((SOMEONE POSTED THIS SOMETIME BACK. I AM USING IT AGAIN FOR THE BENEFIT OF ALL.
I WOULD LIKE TO THANK THE PERSON THOUGH I DONT RECALL WHO IT WAS..))
The inability of current recommendations to control the epidemic of diabetes, the specific failure of
the prevailing low-fat diets to improve obesity, cardiovascular risk, or general health and the
persistent reports of some serious side effects of commonly prescribed diabetic medications, in
combination with the continued success of low-carbohydrate diets in the treatment of diabetes
and metabolic syndrome without significant side effects, point to the need for a reappraisal of
dietary guidelines. The benefits of carbohydrate restriction in diabetes are immediate and well
documented. Concerns about the efficacy and safety are long term and conjectural rather than data
driven. Dietary carbohydrate restriction reliably reduces high blood glucose, does not require
weight loss (although is still best for weight loss), and leads to the reduction or elimination of
medication. It has never shown side effects comparable with those seen in many drugs. Here we
present 12 points of evidence supporting the use of low-carbohydrate diets as the first approach to
treating type 2 diabetes and as the most effective adjunct to pharmacology in type 1. They
represent the best-documented, least controversial results. The insistence on long-term randomized
controlled trials as the only kind of data that will be accepted is without precedent in science.

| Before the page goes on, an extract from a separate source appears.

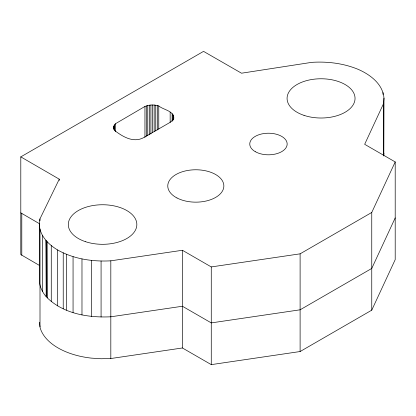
<?xml version="1.0" encoding="UTF-8"?>
<svg xmlns="http://www.w3.org/2000/svg" width="416" height="416" viewBox="0 0 416 416"><rect width="100%" height="100%" fill="white"/><g stroke="black" fill="none" stroke-linecap="round" stroke-linejoin="round"><path stroke-width="0.62" d="M383.812 156.005L383.978 98.155C382.912 83.944 369.949 74.396 357.833 69.217C343.288 63.263 327.345 61.339 311.724 62.353L241.514 73.206L203.544 51.371L20.8 156.874L59.254 179.166L39.931 218.915L39.312 224.531L39.312 280.504C39.556 286.593 42.344 292.172 46.212 296.774L47.138 241.68L47.367 297.872L45.874 240.328L46.212 296.774C62.722 313.747 88.098 317.881 110.817 316.794L182.411 306.244L211.266 322.899L300.108 309.806L371.758 268.44L395.2 217.916M383.474 155.246L383.474 103.776L383.978 98.155M113.625 128.71L113.734 126.485L115.294 123.828L144.945 106.449C149.287 104.629 154.289 104.52 158.766 105.929C163.166 109.866 174.268 110.734 173.81 118.534M173.81 117.25L172.864 120L170.16 122.335L143.718 137.602C133.718 143.026 123.458 137.166 115.294 131.024L114.052 129.288L113.625 127.426M383.474 103.776L364.666 144.31L395.2 161.938L395.2 259.641L371.758 310.164L300.108 351.536L211.266 364.629L182.416 347.974L110.822 358.524L101.078 358.748L91.385 358.124A64.09 37.003 0 0 1 40.16 327.839L39.312 322.234M371.758 310.164L371.758 212.462L395.2 161.938M39.312 224.531C39.764 235.721 48.407 244.488 57.528 249.922C73.616 259.028 92.55 261.841 110.817 260.822L182.411 250.271L211.266 266.926L300.108 253.833L371.758 212.462M20.8 212.852L39.686 223.844M20.8 156.874L20.8 254.582L39.125 265.247M383.776 152.937L383.978 154.128M46.212 240.796L46.66 271.674M383.011 92.555L383.011 94.484M300.108 253.833L300.108 351.536M211.266 266.926L211.266 364.629M182.411 250.271L182.416 347.974M173.706 116.308L173.706 118.238M173.384 115.388L173.384 119.891M172.864 114.494L172.864 120.286M172.141 113.651L172.141 121.373M170.16 112.159L170.16 122.455M158.766 105.929L158.766 129.09M157.3 105.508L157.3 129.958M155.761 105.206L155.761 130.946M154.159 105.024L154.159 131.404M152.532 104.962L152.532 132.631M150.904 105.024L150.904 133.978M149.308 105.206L149.308 134.805M147.763 105.508L147.763 135.751M146.302 105.924L146.302 136.167M144.945 106.449L144.945 137.332M115.294 123.828L115.294 131.55M114.577 124.67L114.577 130.463M114.052 125.564L114.052 129.423M113.734 126.485L113.734 129.059M110.817 260.822L110.822 358.524M101.078 261.045L101.078 317.023M91.385 260.421L91.385 316.394M81.978 258.95L81.978 314.928M73.06 256.672L73.06 312.65M66.378 254.202L66.378 310.18M63.227 252.814L63.227 308.792M59.254 179.166L59.254 180.456M57.528 249.922L57.528 305.9M51.267 245.612L51.267 301.584M42.479 235.602L42.479 291.574M39.931 218.915L39.931 220.844M40.004 229.117L40.004 326.82M21.793 213.512L21.793 255.237M304.06 115.383A33.987 19.625 0 0 0 355.046 98.389A33.987 19.625 0 0 0 304.06 81.396A33.987 19.625 0 0 0 304.06 115.383M85.441 241.66A34.263 19.781 0 0 0 136.838 224.526A34.263 19.781 0 0 0 85.441 207.397A34.263 19.781 0 0 0 85.441 241.66M255.247 151.653A18.699 10.795 0 0 0 286.525 146.812A18.699 10.795 0 0 0 263.624 133.588A18.699 10.795 0 0 0 255.247 151.653M176.982 197.964A28.044 16.193 0 0 0 223.226 189.379A28.044 16.193 0 0 0 187.226 170.55A28.044 16.193 0 0 0 176.982 197.964"/></g></svg>
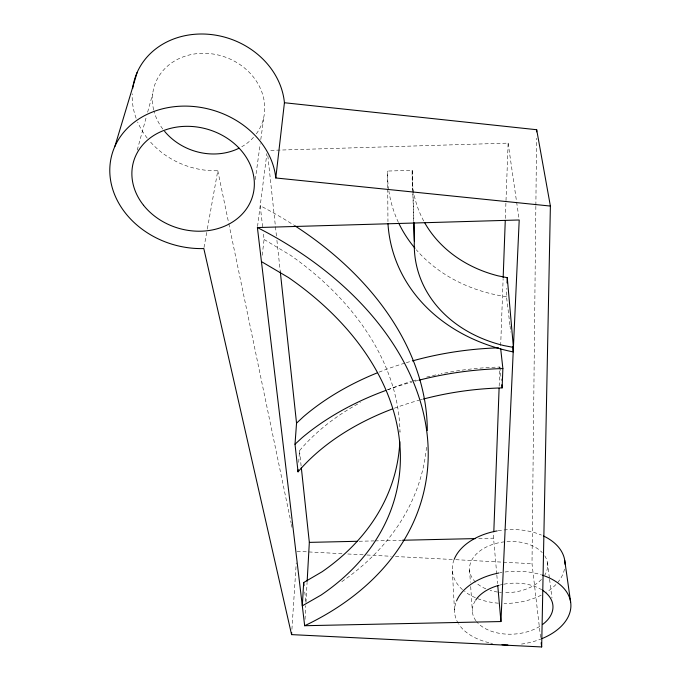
<?xml version="1.0" encoding="UTF-8"?>
<svg xmlns="http://www.w3.org/2000/svg" width="681" height="681" viewBox="0 0 681 681"><rect width="100%" height="100%" fill="white"/><g stroke="black" fill="none" stroke-linecap="round" stroke-linejoin="round"><path stroke-width="0.51" stroke-dasharray="3.4 2.55" d="M540.569 637.467L532.006 563.706L535.853 206.309M535.87 205.245L536.585 138.234M496.747 574.057L493.58 538.177L493.776 532.857M499.173 386.161L499.88 367.033A227.088 152.706 -4.2 0 0 441.05 373.775M500.663 345.659L503.123 278.852M505.345 218.414L508.12 143.129L268.331 150.424M509.916 324.837L506.502 296.712L506.843 288.25M305.028 619.378L305.795 605.63M305.973 602.455L307.088 582.434M291.911 629.338L296.244 562.915M298.704 462.348L299.495 450.72A227.088 152.706 -4.2 0 1 360.419 402.531M262.202 255.273L264.092 239.465L263.241 232.085M257.537 226.518L266.875 153.583M255.307 179.529L260.21 143.734M260.789 139.528L263.964 116.366M204.002 247.518L207.169 229.88M207.356 228.842L217.792 170.735A77.362 67.155 19.7 0 1 149.199 140.533M137.221 150.101L146.509 116.264M147.641 112.169L152.706 93.714M387.71 187.93L387.591 171.059L412.167 170.318L412.856 190.348M359.1 541.25L373.929 540.91M374.984 540.884L401.458 540.28M478.752 538.509L493.58 538.177M296.993 551.321L343.573 553.772M347.812 553.993L365.808 554.947M366.863 554.998L391.209 556.283M395.448 556.505L454.729 559.629M455.785 559.688L532.006 563.706M264.092 239.465L290.515 255.273A305.752 215.026 12.1 0 1 399.985 432.214L399.917 429.047M217.792 170.735L228.612 222.73M228.833 223.768L291.153 523.246M291.366 524.285L292.021 527.4M508.12 143.129L516.47 201.031M516.624 202.087L519.058 218.933M547.43 562.625L549.431 578.246M549.567 579.284L551.968 598.029M510.043 325.884L510.801 332.132M262.628 226.807L260.202 205.722A334.746 235.881 12.2 0 1 293.741 225.07M304.765 591.968L305.854 601.408M499.88 367.033L501.335 380.594M267.837 155.745L276.46 236.077M276.912 240.299L280.317 272.008M299.495 450.72L301.189 466.528M496.841 575.113L497.581 583.557M469.549 569.869L470.401 582.357M470.682 586.52L472.376 611.495M452.354 570.874L454.627 612.5M412.89 191.404L413.903 220.925M412.167 170.318L413.733 221.742M387.719 188.986L387.957 221.674M147.207 138.09A77.362 67.155 19.7 0 1 137.639 122.044M136.115 118.23A77.362 67.155 19.7 0 1 132.208 93.774M153.651 109.862A56.983 49.449 19.6 0 1 218.329 55.042A56.983 49.449 19.6 0 1 256.039 134.251M253.511 137.315A56.983 49.449 19.6 0 1 241.772 146.747M162.759 129.007A56.983 49.449 19.6 0 1 153.906 110.867M387.463 389.864A227.088 152.706 -4.2 0 1 411.588 381.309M412.584 381.002A227.088 152.706 -4.2 0 1 417.581 379.53M426.698 377.07A227.088 152.706 -4.2 0 1 439.075 374.192M387.727 389.762A253.919 168.207 -4.1 0 1 411.928 382.067M414.891 381.249A253.919 168.207 -4.1 0 1 417.87 380.466M394.316 408.234A230.919 152.748 -4.1 0 1 419.292 400.164M420.322 399.883A230.919 152.748 -4.1 0 1 422.271 399.347M379.011 372.158A249.689 168.147 -4.2 0 1 405.306 362.99M406.31 362.684A249.689 168.147 -4.2 0 1 411.35 361.219M426.493 447.264A334.746 235.881 12.2 0 1 341.734 581.719M506.502 296.712A159.848 134.753 -15.1 0 1 416.278 249.774M398.394 222.398A159.848 134.753 -15.1 0 1 388.851 190.969M388.698 189.939A159.848 134.753 -15.1 0 1 387.591 171.059M423.71 220.984A134.693 113.463 -15 0 1 412.184 171.391M564.481 569.112A56.455 36.8 -4.3 0 1 546.426 592.206M541.165 595.185A56.455 36.8 -4.3 0 1 504.059 603.434M498.381 603.187A56.455 36.8 -4.3 0 1 477.262 598.48M475.381 597.705A56.455 36.8 -4.3 0 1 464.578 591.397M462.493 589.669A56.455 36.8 -4.3 0 1 454.21 559.305M498.143 530.737A56.455 36.8 -4.3 0 1 541.429 535.079M541.982 638.616A58.268 36.714 -4.1 0 1 519.671 644.311M492.533 643.46A58.268 36.714 -4.1 0 1 490.695 643.085M488.881 642.677A58.268 36.714 -4.1 0 1 458.892 624.366M458.339 623.507A58.268 36.714 -4.1 0 1 456.185 601.91M499.948 572.781A58.268 36.714 -4.1 0 1 501.999 572.423M505.098 571.98A58.268 36.714 -4.1 0 1 541.412 574.866M539.803 626.35A40.383 25.444 -4.1 0 1 476.496 621.523M475.9 620.749A40.383 25.444 -4.1 0 1 475.185 600.906M500.101 585.013A40.383 25.444 -4.1 0 1 503.208 584.324M504.051 584.162A40.383 25.444 -4.1 0 1 541.718 589.755M544.74 555.807A39.132 25.503 -4.3 0 1 544.86 574.968M541.455 579.437A39.132 25.503 -4.3 0 1 505.404 592.666M501.429 592.487A39.132 25.503 -4.3 0 1 499.471 592.3M497.539 592.044A39.132 25.503 -4.3 0 1 490.124 590.384M485.859 588.835A39.132 25.503 -4.3 0 1 476.283 582.842M475.551 582.136A39.132 25.503 -4.3 0 1 488.286 546.119A39.132 25.503 -4.3 0 1 542.306 552.683"/><path stroke-width="1.02" d="M536.654 131.85L536.679 129.722L284.428 102.737A77.362 67.155 19.7 0 0 209.535 34.373A77.362 67.155 19.7 0 0 132.65 88.573M550.384 206.062L275.788 177.971A84.163 70.066 16.1 0 0 184.398 106.108A84.163 70.066 16.1 0 0 110.356 178.711A84.163 70.066 16.1 0 0 203.815 248.556L291.57 634.615L541.667 646.95L550.384 206.062L536.679 129.722M493.81 531.793L499.096 388.289M503.157 277.797L505.268 220.533M423.259 399.092A230.919 152.748 -4.1 0 1 502.127 387.898L502.876 368.566L500.697 348.817M507.047 282.964L507.26 277.669L498.169 275.865A134.693 113.463 -15 0 1 424.68 222.738M500.935 621.549L519.211 219.98L257.401 227.565A341.607 236.758 11.8 0 1 304.671 625.72L500.935 621.549L497.768 585.669M307.148 581.378L309.336 542.382L301.308 467.583M399.824 441.671A305.752 215.026 12.1 0 1 322.053 571.785L303.675 582.536L302.304 605.835L321.006 595.109A311.992 215.783 11.7 0 0 288.489 277.542L261.444 261.598M291.57 634.615L291.706 632.504M392.384 408.958A230.919 152.748 -4.1 0 0 298.048 471.856L298.193 469.737M298.048 471.856L295.009 444.225L296.541 423.165L280.317 272.008M275.788 177.971L284.428 102.737M114.902 146.347L137.145 72.441M296.541 423.165L303.547 416.627A249.689 168.147 -4.2 0 1 377.121 372.916M295.009 444.225L302.134 437.679A253.919 168.207 -4.1 0 1 385.761 390.468M309.336 542.382L356.98 541.293M402.514 540.254L475.576 538.586M564.736 560.42L570.635 602.081M512.572 346.714L513.202 351.924A187.82 153.744 -15 0 1 387.974 223.785M257.401 227.565L304.671 625.72M541.182 642.736L541.667 646.95M303.675 582.536L304.032 585.677M501.786 384.774L502.127 387.898M507.26 277.669L513.414 347.395L503.931 345.59A140.839 113.914 -12.6 0 1 414.346 241.176L413.759 222.142M413.971 223.027L414.346 241.176M239.065 148.194A56.983 49.449 19.6 0 1 164.615 131.356M412.363 360.939A249.689 168.147 -4.2 0 1 498.518 347.838M418.866 380.211A253.919 168.207 -4.1 0 1 502.876 368.566M294.626 225.641A334.746 235.881 12.2 0 1 427.293 430.477M414.942 248.199A159.848 134.753 -15.1 0 1 398.828 223.325M542.314 575.156A58.268 36.714 -4.1 0 1 541.982 638.616M507.873 644.958A58.268 36.714 -4.1 0 1 502.016 644.711M456.559 600.957A58.268 36.714 -4.1 0 1 498.935 572.976M542.451 590.223A40.383 25.444 -4.1 0 1 542.731 624.358M475.73 600.055A40.383 25.444 -4.1 0 1 499.079 585.277M454.21 559.305A56.455 36.8 -4.3 0 1 497.156 530.908M543.361 535.938A56.455 36.8 -4.3 0 1 565.009 564.277M143.555 205.287A61.98 51.586 16.1 0 0 249.059 204.692A61.98 51.586 16.1 0 0 186.722 126.317A61.98 51.586 16.1 0 0 143.555 205.287"/></g></svg>

The seriousness of diabetes requires that we evaluate all of the evidence that is available. The 12
points are sufficiently compelling that we feel that the burden of proof rests with those who are
opposed.
2015 The Authors. Published by Elsevier Inc. This is an open access article under the CC BY-NC-ND
license (creativecommons.org/license....
12 Points of evidence
Point 1. Hyperglycemia is the most salient feature of diabetes.
Dietary carbohydrate restriction has the greatest effect on
decreasing blood glucose levels
Point 2. During the epidemics of obesity and type 2 diabetes,
caloric increases have been due almost entirely to increased
carbohydrates
Point 3. Benefits of dietary carbohydrate restriction do not require
weight loss
Point 4. Although weight loss is not required for benefit, no
dietary intervention is better than carbohydrate restriction for
weight loss
Point 5. Adherence to low-carbohydrate diets in people with type
2 diabetes is at least as good as adherence to any other dietary
interventions and is frequently significantly better.
Point 6. Replacement of carbohydrate with protein is generally
beneficial
Point 7. Dietary total and saturated fat do not correlate with risk
for cardiovascular disease
Point 8. Plasma saturated fatty acids are controlled by dietary
carbohydrate more than by dietary lipids
Point 9. The best predictor of microvascular and, to a lesser extent,
macrovascular complications in patients with type 2 diabetes, is
glycemic control (HbA1c)
Point 10. Dietary carbohydrate restriction is the most effective
method (other than starvation) of reducing serum TGs and
increasing high-density lipoprotein
Point 11. Patients with type 2 diabetes on carbohydrate-restricted
diets reduce and frequently eliminate medication. People with
type 1 usually require lower insulin
Point 12. Intensive glucose lowering by dietary carbohydrate
restriction has no side effects comparable to the effects of
intensive pharmacologic treatment
THOUGH THIS DOES NOT SPEAK ON LCHF WHICH I FOLLOW BUT THIS HOLDS THE CARBS AS A CULPRIT WHICH THE DRS STILL RECOMMEND TO THE EXTENT TO 60% OF A DIABETIC DIET.
THIS ALSO CLEARS THE FEAR OF DIETARY FATS WHICH WE USUALLY HAVE.
THE CULPRIT OF INCREASED SERUM FATS IS DUE TO HIGH CARBS / SUGAR INTAKE.